The worldwide market for sequencing products is forecast to grow at a 5-year compound annual growth rate (CAGR) of 18.7% to reach nearly $13.8 billion by 2020. The market can be segmented into pre- and post-sequencing products (ie, sample preparation reagents/kits and informatics, respectively), sequencing instruments and consumables, and sequencing services.

Sequencing services is the largest and fastest-growing segment, with an anticipated 5-year CAGR of 26%. BCC Research forecasts the value of the sequencing services segment to exceed $9 billion by 2020. The high growth rate is due to a number of factors, including the expansion of sequencing into new applications in the clinical and applied market segments.

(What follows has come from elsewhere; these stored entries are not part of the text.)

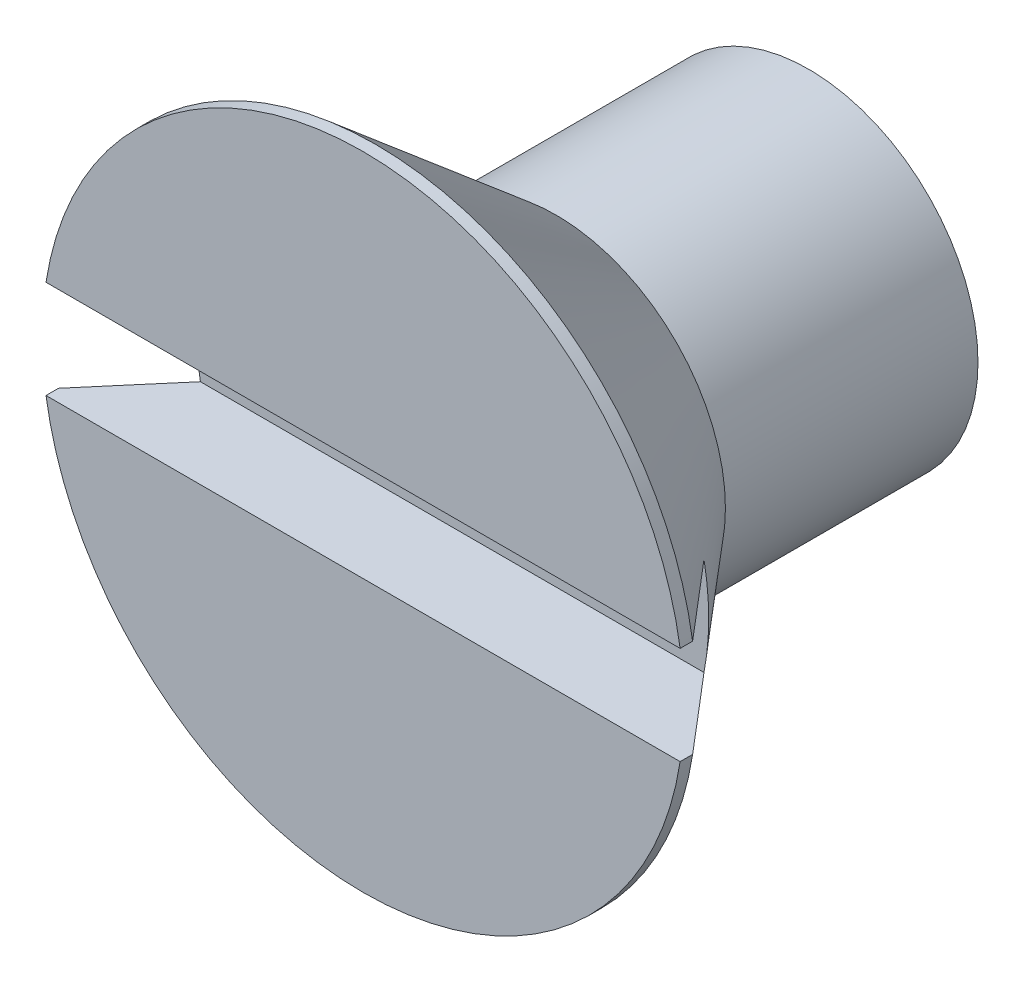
ISO-10303-21;
HEADER;
FILE_DESCRIPTION(('STEP AP214'),'2;1');
FILE_NAME('part.step','',(''),(''),'','','');
FILE_SCHEMA(('AUTOMOTIVE_DESIGN { 1 0 10303 214 1 1 1 1 }'));
ENDSEC;
DATA;
#1=APPLICATION_CONTEXT('core data for automotive mechanical design processes');
#2=APPLICATION_PROTOCOL_DEFINITION('international standard','automotive_design',2000,#1);
#3=PRODUCT_CONTEXT('',#1,'mechanical');
#4=PRODUCT('Part','Part','',(#3));
#5=PRODUCT_RELATED_PRODUCT_CATEGORY('part','',(#4));
#6=PRODUCT_DEFINITION_FORMATION('','',#4);
#7=PRODUCT_DEFINITION_CONTEXT('part definition',#1,'design');
#8=PRODUCT_DEFINITION('design','',#6,#7);
#9=PRODUCT_DEFINITION_SHAPE('','',#8);
#10=(LENGTH_UNIT() NAMED_UNIT(*) SI_UNIT(.MILLI.,.METRE.));
#11=(NAMED_UNIT(*) PLANE_ANGLE_UNIT() SI_UNIT($,.RADIAN.));
#12=(NAMED_UNIT(*) SI_UNIT($,.STERADIAN.) SOLID_ANGLE_UNIT());
#13=UNCERTAINTY_MEASURE_WITH_UNIT(LENGTH_MEASURE(1.E-05),#10,'distance_accuracy_value','');
#14=(GEOMETRIC_REPRESENTATION_CONTEXT(3) GLOBAL_UNCERTAINTY_ASSIGNED_CONTEXT((#13)) GLOBAL_UNIT_ASSIGNED_CONTEXT((#10,
#11,#12)) REPRESENTATION_CONTEXT('',''));
#15=CARTESIAN_POINT('',(0.,0.,0.));
#16=DIRECTION('',(0.,0.,1.));
#17=DIRECTION('',(1.,0.,0.));
#18=AXIS2_PLACEMENT_3D('',#15,#16,#17);
#19=CARTESIAN_POINT('',(0.,0.,0.));
#20=DIRECTION('',(0.,0.,-1.));
#21=DIRECTION('',(-1.,0.,0.));
#22=AXIS2_PLACEMENT_3D('',#19,#20,#21);
#23=PLANE('',#22);
#24=CARTESIAN_POINT('',(0.,0.,0.));
#25=DIRECTION('',(0.,0.,1.));
#26=DIRECTION('',(1.,0.,0.));
#27=AXIS2_PLACEMENT_3D('',#24,#25,#26);
#28=CIRCLE('',#27,4.572);
#29=CARTESIAN_POINT('',(-4.51832731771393,-0.698499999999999,0.));
#30=VERTEX_POINT('',#29);
#31=CARTESIAN_POINT('',(4.51832731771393,-0.698499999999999,0.));
#32=VERTEX_POINT('',#31);
#33=EDGE_CURVE('E161',#30,#32,#28,.T.);
#34=ORIENTED_EDGE('',*,*,#33,.T.);
#35=DIRECTION('',(1.,0.,0.));
#36=VECTOR('',#35,1.);
#37=CARTESIAN_POINT('',(-5.08,-0.698499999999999,0.));
#38=LINE('',#37,#36);
#39=EDGE_CURVE('E184',#30,#32,#38,.T.);
#40=ORIENTED_EDGE('',*,*,#39,.F.);
#41=EDGE_LOOP('',(#34,#40));
#42=FACE_BOUND('',#41,.T.);
#43=ADVANCED_FACE('F37',(#42),#23,.F.);
#44=CARTESIAN_POINT('',(0.,0.,12.9734188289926));
#45=DIRECTION('',(0.,0.,1.));
#46=DIRECTION('',(1.,0.,0.));
#47=AXIS2_PLACEMENT_3D('',#44,#45,#46);
#48=CYLINDRICAL_SURFACE('',#47,4.572);
#49=CARTESIAN_POINT('',(0.,0.,-0.177800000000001));
#50=DIRECTION('',(0.,0.,1.));
#51=DIRECTION('',(1.,0.,0.));
#52=AXIS2_PLACEMENT_3D('',#49,#50,#51);
#53=CIRCLE('',#52,4.572);
#54=CARTESIAN_POINT('',(-4.51832731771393,-0.6985,-0.1778));
#55=VERTEX_POINT('',#54);
#56=CARTESIAN_POINT('',(4.51832731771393,-0.6985,-0.177800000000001));
#57=VERTEX_POINT('',#56);
#58=EDGE_CURVE('E165',#55,#57,#53,.T.);
#59=ORIENTED_EDGE('',*,*,#58,.T.);
#60=DIRECTION('',(0.,0.,1.));
#61=VECTOR('',#60,1.);
#62=CARTESIAN_POINT('',(4.51832731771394,-0.698499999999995,12.9734188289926));
#63=LINE('',#62,#61);
#64=EDGE_CURVE('E176',#57,#32,#63,.T.);
#65=ORIENTED_EDGE('',*,*,#64,.T.);
#66=ORIENTED_EDGE('',*,*,#33,.F.);
#67=DIRECTION('',(0.,0.,1.));
#68=VECTOR('',#67,1.);
#69=CARTESIAN_POINT('',(-4.51832731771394,-0.698499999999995,12.9734188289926));
#70=LINE('',#69,#68);
#71=EDGE_CURVE('E174',#30,#55,#70,.F.);
#72=ORIENTED_EDGE('',*,*,#71,.T.);
#73=EDGE_LOOP('',(#59,#65,#66,#72));
#74=FACE_BOUND('',#73,.T.);
#75=ADVANCED_FACE('F144',(#74),#48,.T.);
#76=CARTESIAN_POINT('',(4.51832731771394,0.698499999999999,0.));
#77=VERTEX_POINT('',#76);
#78=CARTESIAN_POINT('',(-4.51832731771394,0.698499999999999,0.));
#79=VERTEX_POINT('',#78);
#80=EDGE_CURVE('E104',#77,#79,#28,.T.);
#81=ORIENTED_EDGE('',*,*,#80,.T.);
#82=DIRECTION('',(1.,0.,0.));
#83=VECTOR('',#82,1.);
#84=CARTESIAN_POINT('',(-5.08,0.698499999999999,0.));
#85=LINE('',#84,#83);
#86=EDGE_CURVE('E111',#79,#77,#85,.T.);
#87=ORIENTED_EDGE('',*,*,#86,.T.);
#88=EDGE_LOOP('',(#81,#87));
#89=FACE_BOUND('',#88,.T.);
#90=ADVANCED_FACE('F39',(#89),#23,.F.);
#91=CARTESIAN_POINT('',(4.51832731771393,0.6985,-0.1778));
#92=VERTEX_POINT('',#91);
#93=CARTESIAN_POINT('',(-4.51832731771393,0.6985,-0.177800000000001));
#94=VERTEX_POINT('',#93);
#95=EDGE_CURVE('E162',#92,#94,#53,.T.);
#96=ORIENTED_EDGE('',*,*,#95,.T.);
#97=DIRECTION('',(0.,0.,1.));
#98=VECTOR('',#97,1.);
#99=CARTESIAN_POINT('',(-4.51832731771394,0.698499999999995,12.9734188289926));
#100=LINE('',#99,#98);
#101=EDGE_CURVE('E58',#94,#79,#100,.T.);
#102=ORIENTED_EDGE('',*,*,#101,.T.);
#103=ORIENTED_EDGE('',*,*,#80,.F.);
#104=DIRECTION('',(0.,0.,1.));
#105=VECTOR('',#104,1.);
#106=CARTESIAN_POINT('',(4.51832731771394,0.698499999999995,12.9734188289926));
#107=LINE('',#106,#105);
#108=EDGE_CURVE('E179',#77,#92,#107,.F.);
#109=ORIENTED_EDGE('',*,*,#108,.T.);
#110=EDGE_LOOP('',(#96,#102,#103,#109));
#111=FACE_BOUND('',#110,.T.);
#112=ADVANCED_FACE('F140',(#111),#48,.T.);
#113=CARTESIAN_POINT('',(0.,0.,-2.75079600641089));
#114=DIRECTION('',(0.,0.,1.));
#115=DIRECTION('',(1.,0.,0.));
#116=AXIS2_PLACEMENT_3D('',#113,#114,#115);
#117=CONICAL_SURFACE('',#116,2.413,0.698131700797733);
#118=CARTESIAN_POINT('',(0.,0.,-1.27));
#119=DIRECTION('',(0.,0.,-1.));
#120=DIRECTION('',(-1.,0.,0.));
#121=AXIS2_PLACEMENT_3D('',#118,#119,#120);
#122=CIRCLE('',#121,3.65553538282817);
#123=CARTESIAN_POINT('',(3.58818013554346,0.6985,-1.27));
#124=VERTEX_POINT('',#123);
#125=CARTESIAN_POINT('',(3.58818013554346,-0.6985,-1.27));
#126=VERTEX_POINT('',#125);
#127=EDGE_CURVE('E51',#124,#126,#122,.T.);
#128=ORIENTED_EDGE('',*,*,#127,.T.);
#129=CARTESIAN_POINT('',(-9.18199762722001,-0.698499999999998,5.34779856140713));
#130=CARTESIAN_POINT('',(-8.8802694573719,-0.698499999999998,4.98925606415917));
#131=CARTESIAN_POINT('',(-8.57849779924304,-0.698499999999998,4.63075012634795));
#132=CARTESIAN_POINT('',(-7.974812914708,-0.698499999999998,3.91385081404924));
#133=CARTESIAN_POINT('',(-7.67289968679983,-0.698499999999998,3.55545744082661));
#134=CARTESIAN_POINT('',(-7.06875117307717,-0.698499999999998,2.8386733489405));
#135=CARTESIAN_POINT('',(-6.76651580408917,-0.698499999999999,2.48028270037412));
#136=CARTESIAN_POINT('',(-6.16176797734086,-0.698499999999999,1.76374153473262));
#137=CARTESIAN_POINT('',(-5.85925552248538,-0.698499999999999,1.40559101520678));
#138=CARTESIAN_POINT('',(-5.25584955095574,-0.698499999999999,0.692095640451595));
#139=CARTESIAN_POINT('',(-4.95495901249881,-0.698499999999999,0.336748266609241));
#140=CARTESIAN_POINT('',(-4.35245351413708,-0.6985,-0.373351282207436));
#141=CARTESIAN_POINT('',(-4.05083853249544,-0.6985,-0.728103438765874));
#142=CARTESIAN_POINT('',(-3.59743253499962,-0.6985,-1.25929699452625));
#143=CARTESIAN_POINT('',(-3.44615695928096,-0.6985,-1.43617821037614));
#144=CARTESIAN_POINT('',(-3.14309431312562,-0.6985,-1.78950543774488));
#145=CARTESIAN_POINT('',(-2.99130723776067,-0.6985,-1.96595144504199));
#146=CARTESIAN_POINT('',(-2.68695834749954,-0.6985,-2.31815698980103));
#147=CARTESIAN_POINT('',(-2.53439657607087,-0.6985,-2.49391656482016));
#148=CARTESIAN_POINT('',(-2.22800206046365,-0.6985,-2.84432347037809));
#149=CARTESIAN_POINT('',(-2.07416934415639,-0.6985,-3.01897082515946));
#150=CARTESIAN_POINT('',(-1.87629046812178,-0.698500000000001,-3.24055952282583));
#151=CARTESIAN_POINT('',(-1.83333775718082,-0.698500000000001,-3.2884766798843));
#152=CARTESIAN_POINT('',(-1.74720445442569,-0.698500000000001,-3.38410637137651));
#153=CARTESIAN_POINT('',(-1.70402386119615,-0.698500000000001,-3.431818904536));
#154=CARTESIAN_POINT('',(-1.57404274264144,-0.698500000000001,-3.57461144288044));
#155=CARTESIAN_POINT('',(-1.48682957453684,-0.698500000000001,-3.66931637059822));
#156=CARTESIAN_POINT('',(-1.31027848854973,-0.698500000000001,-3.85758084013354));
#157=CARTESIAN_POINT('',(-1.2209325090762,-0.698500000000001,-3.95113290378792));
#158=CARTESIAN_POINT('',(-1.08469271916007,-0.698500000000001,-4.08922557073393));
#159=CARTESIAN_POINT('',(-1.03892232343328,-0.698500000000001,-4.13487153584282));
#160=CARTESIAN_POINT('',(-0.946350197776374,-0.698500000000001,-4.22510225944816));
#161=CARTESIAN_POINT('',(-0.899548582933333,-0.698500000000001,-4.26968713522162));
#162=CARTESIAN_POINT('',(-0.812734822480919,-0.698500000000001,-4.34969526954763));
#163=CARTESIAN_POINT('',(-0.772952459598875,-0.698500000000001,-4.38536668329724));
#164=CARTESIAN_POINT('',(-0.691999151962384,-0.698500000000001,-4.45519029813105));
#165=CARTESIAN_POINT('',(-0.650826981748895,-0.698500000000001,-4.48934109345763));
#166=CARTESIAN_POINT('',(-0.566828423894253,-0.698500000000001,-4.55511418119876));
#167=CARTESIAN_POINT('',(-0.524011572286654,-0.698500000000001,-4.5867485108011));
#168=CARTESIAN_POINT('',(-0.435865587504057,-0.698500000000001,-4.64624221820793));
#169=CARTESIAN_POINT('',(-0.390541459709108,-0.698500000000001,-4.6741087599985));
#170=CARTESIAN_POINT('',(-0.306307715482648,-0.698500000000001,-4.71840333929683));
#171=CARTESIAN_POINT('',(-0.268032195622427,-0.698500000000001,-4.73600486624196));
#172=CARTESIAN_POINT('',(-0.189268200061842,-0.698500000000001,-4.76518007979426));
#173=CARTESIAN_POINT('',(-0.14878765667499,-0.698500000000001,-4.77677397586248));
#174=CARTESIAN_POINT('',(-0.0737393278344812,-0.698500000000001,-4.79037549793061));
#175=CARTESIAN_POINT('',(-0.0394263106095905,-0.698500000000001,-4.79373766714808));
#176=CARTESIAN_POINT('',(0.029243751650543,-0.698500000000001,-4.79433318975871));
#177=CARTESIAN_POINT('',(0.0636007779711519,-0.698500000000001,-4.79156860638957));
#178=CARTESIAN_POINT('',(0.13980005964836,-0.698500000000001,-4.77902232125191));
#179=CARTESIAN_POINT('',(0.181373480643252,-0.698500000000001,-4.76766330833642));
#180=CARTESIAN_POINT('',(0.262246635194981,-0.698500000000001,-4.73852497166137));
#181=CARTESIAN_POINT('',(0.301536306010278,-0.698500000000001,-4.72071941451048));
#182=CARTESIAN_POINT('',(0.394618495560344,-0.698500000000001,-4.67222135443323));
#183=CARTESIAN_POINT('',(0.447216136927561,-0.698500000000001,-4.63930157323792));
#184=CARTESIAN_POINT('',(0.549184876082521,-0.698500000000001,-4.56872466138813));
#185=CARTESIAN_POINT('',(0.598546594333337,-0.698500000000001,-4.53105461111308));
#186=CARTESIAN_POINT('',(0.695376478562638,-0.698500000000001,-4.45264426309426));
#187=CARTESIAN_POINT('',(0.742827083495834,-0.698500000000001,-4.41188250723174));
#188=CARTESIAN_POINT('',(0.836068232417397,-0.698500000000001,-4.3286539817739));
#189=CARTESIAN_POINT('',(0.881861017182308,-0.698500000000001,-4.28618969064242));
#190=CARTESIAN_POINT('',(0.980284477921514,-0.698500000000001,-4.19250839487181));
#191=CARTESIAN_POINT('',(1.0327000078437,-0.698500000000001,-4.14106637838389));
#192=CARTESIAN_POINT('',(1.13645329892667,-0.698500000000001,-4.0371037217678));
#193=CARTESIAN_POINT('',(1.18779095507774,-0.698500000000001,-3.98458297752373));
#194=CARTESIAN_POINT('',(1.34068627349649,-0.698500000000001,-3.82588459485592));
#195=CARTESIAN_POINT('',(1.44109427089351,-0.698500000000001,-3.71860216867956));
#196=CARTESIAN_POINT('',(1.64033159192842,-0.698500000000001,-3.50231944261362));
#197=CARTESIAN_POINT('',(1.73915851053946,-0.698500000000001,-3.39331694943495));
#198=CARTESIAN_POINT('',(1.93571164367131,-0.698500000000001,-3.17436118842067));
#199=CARTESIAN_POINT('',(2.03343805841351,-0.6985,-3.06440810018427));
#200=CARTESIAN_POINT('',(2.22755814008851,-0.6985,-2.844572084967));
#201=CARTESIAN_POINT('',(2.32395632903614,-0.6985,-2.73469314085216));
#202=CARTESIAN_POINT('',(2.51626217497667,-0.6985,-2.51449784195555));
#203=CARTESIAN_POINT('',(2.61216980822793,-0.6985,-2.40418146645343));
#204=CARTESIAN_POINT('',(2.89922466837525,-0.6985,-2.07293340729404));
#205=CARTESIAN_POINT('',(3.08984327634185,-0.6985,-1.85154396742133));
#206=CARTESIAN_POINT('',(3.52692503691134,-0.6985,-1.34206779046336));
#207=CARTESIAN_POINT('',(3.77311696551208,-0.6985,-1.05374881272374));
#208=CARTESIAN_POINT('',(4.26475858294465,-0.6985,-0.476475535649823));
#209=CARTESIAN_POINT('',(4.51020826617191,-0.6985,-0.187521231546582));
#210=CARTESIAN_POINT('',(5.24604316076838,-0.698499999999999,0.680082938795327));
#211=CARTESIAN_POINT('',(5.73576298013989,-0.698499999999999,1.25929684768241));
#212=CARTESIAN_POINT('',(6.71856334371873,-0.698499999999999,2.42327934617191));
#213=CARTESIAN_POINT('',(7.21163729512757,-0.698499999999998,3.00805349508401));
#214=CARTESIAN_POINT('',(7.95083581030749,-0.698499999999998,3.8853987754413));
#215=CARTESIAN_POINT('',(8.19712634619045,-0.698499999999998,4.17783005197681));
#216=CARTESIAN_POINT('',(8.68962082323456,-0.698499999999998,4.76276502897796));
#217=CARTESIAN_POINT('',(8.93582476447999,-0.698499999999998,5.05526872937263));
#218=CARTESIAN_POINT('',(9.18199762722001,-0.698499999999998,5.34779856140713));
#219=B_SPLINE_CURVE_WITH_KNOTS('',3,(#129,#130,#131,#132,#133,#134,#135,#136,#137,#138,#139,
#140,#141,#142,#143,#144,#145,#146,#147,#148,#149,#150,#151,#152,#153,#154,#155,#156,#157,#158,
#159,#160,#161,#162,#163,#164,#165,#166,#167,#168,#169,#170,#171,#172,#173,#174,#175,#176,#177,
#178,#179,#180,#181,#182,#183,#184,#185,#186,#187,#188,#189,#190,#191,#192,#193,#194,#195,#196,
#197,#198,#199,#200,#201,#202,#203,#204,#205,#206,#207,#208,#209,#210,#211,#212,#213,#214,#215,
#216,#217,#218),.UNSPECIFIED.,.F.,.F.,(4,2,2,2,2,2,2,2,2,2,2,2,2,2,2,2,2,2,2,2,2,2,2,2,2,2,2,2,
2,2,2,2,2,2,2,2,2,2,2,2,2,2,2,2,4),(0.,1.40582133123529,2.81165793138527,4.21811108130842,
5.62454965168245,7.02142510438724,8.41834300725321,9.11658412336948,9.8148319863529,
10.5130410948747,11.2112349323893,11.4042858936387,11.5973380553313,11.9835628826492,
12.3716035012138,12.5655162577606,12.7594074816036,12.9196807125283,13.0800991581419,
13.239697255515,13.3989874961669,13.5250506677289,13.6506869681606,13.7536004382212,
13.8564792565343,13.9850014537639,14.1140526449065,14.2996906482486,14.4858448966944,
14.6734363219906,14.8607639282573,15.0810639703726,15.3013853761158,15.7421625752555,
16.1835564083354,16.6248685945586,17.0633801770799,17.5019127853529,18.3783440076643,
19.5157270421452,20.6531186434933,22.9286007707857,25.2233216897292,26.3703071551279,
27.517291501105),.UNSPECIFIED.);
#220=EDGE_CURVE('E11',#126,#57,#219,.T.);
#221=ORIENTED_EDGE('',*,*,#220,.T.);
#222=ORIENTED_EDGE('',*,*,#58,.F.);
#223=CARTESIAN_POINT('',(-3.58818013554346,-0.6985,-1.27));
#224=VERTEX_POINT('',#223);
#225=EDGE_CURVE('E41',#55,#224,#219,.T.);
#226=ORIENTED_EDGE('',*,*,#225,.T.);
#227=CARTESIAN_POINT('',(-3.58818013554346,0.6985,-1.27));
#228=VERTEX_POINT('',#227);
#229=EDGE_CURVE('E103',#224,#228,#122,.T.);
#230=ORIENTED_EDGE('',*,*,#229,.T.);
#231=CARTESIAN_POINT('',(9.18199762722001,0.698499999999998,5.34779856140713));
#232=CARTESIAN_POINT('',(8.8802694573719,0.698499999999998,4.98925606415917));
#233=CARTESIAN_POINT('',(8.57849779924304,0.698499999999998,4.63075012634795));
#234=CARTESIAN_POINT('',(7.974812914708,0.698499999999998,3.91385081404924));
#235=CARTESIAN_POINT('',(7.67289968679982,0.698499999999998,3.55545744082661));
#236=CARTESIAN_POINT('',(7.06875117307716,0.698499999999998,2.8386733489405));
#237=CARTESIAN_POINT('',(6.76651580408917,0.698499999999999,2.48028270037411));
#238=CARTESIAN_POINT('',(6.16176797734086,0.698499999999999,1.76374153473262));
#239=CARTESIAN_POINT('',(5.85925552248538,0.698499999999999,1.40559101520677));
#240=CARTESIAN_POINT('',(5.25584955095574,0.698499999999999,0.692095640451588));
#241=CARTESIAN_POINT('',(4.95495901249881,0.698499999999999,0.336748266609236));
#242=CARTESIAN_POINT('',(4.35245351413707,0.6985,-0.37335128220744));
#243=CARTESIAN_POINT('',(4.05083853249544,0.6985,-0.728103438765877));
#244=CARTESIAN_POINT('',(3.59743253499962,0.6985,-1.25929699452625));
#245=CARTESIAN_POINT('',(3.44615695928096,0.6985,-1.43617821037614));
#246=CARTESIAN_POINT('',(3.14309431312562,0.6985,-1.78950543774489));
#247=CARTESIAN_POINT('',(2.99130723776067,0.6985,-1.96595144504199));
#248=CARTESIAN_POINT('',(2.68695834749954,0.6985,-2.31815698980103));
#249=CARTESIAN_POINT('',(2.53439657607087,0.6985,-2.49391656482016));
#250=CARTESIAN_POINT('',(2.22800206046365,0.6985,-2.84432347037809));
#251=CARTESIAN_POINT('',(2.07416934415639,0.6985,-3.01897082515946));
#252=CARTESIAN_POINT('',(1.87629046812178,0.698500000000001,-3.24055952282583));
#253=CARTESIAN_POINT('',(1.83333775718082,0.698500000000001,-3.2884766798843));
#254=CARTESIAN_POINT('',(1.74720445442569,0.698500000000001,-3.38410637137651));
#255=CARTESIAN_POINT('',(1.70402386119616,0.698500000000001,-3.431818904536));
#256=CARTESIAN_POINT('',(1.57404274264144,0.698500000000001,-3.57461144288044));
#257=CARTESIAN_POINT('',(1.48682957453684,0.698500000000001,-3.66931637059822));
#258=CARTESIAN_POINT('',(1.31027848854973,0.698500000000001,-3.85758084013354));
#259=CARTESIAN_POINT('',(1.22093250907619,0.698500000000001,-3.95113290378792));
#260=CARTESIAN_POINT('',(1.08469271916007,0.698500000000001,-4.08922557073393));
#261=CARTESIAN_POINT('',(1.03892232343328,0.698500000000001,-4.13487153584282));
#262=CARTESIAN_POINT('',(0.946350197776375,0.698500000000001,-4.22510225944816));
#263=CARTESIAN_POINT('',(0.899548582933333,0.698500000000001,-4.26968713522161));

The main clinical applications driving market growth are cancer and reproductive health. The other main clinical sequencing applications through 2020 include Mendelian disorders, infectious diseases, and complex disorders.

Cancer Applications
The main cancer applications for NGS diagnostics include tumor sequencing, familial screening, monitoring for cancer recurrence, and liquid biopsy. Cancer diagnostics that provide the genetic profile of a tumor can have an influence on which therapy is chosen. This is a critical driving force behind NGS-based tumor sequencing diagnostics. The key issue for this application is establishing a clinical connection between a given tumor mutation profile and an effective therapy. It is believed, however, that many large-scale sequencing projects are addressing this issue and that significant progress is being made.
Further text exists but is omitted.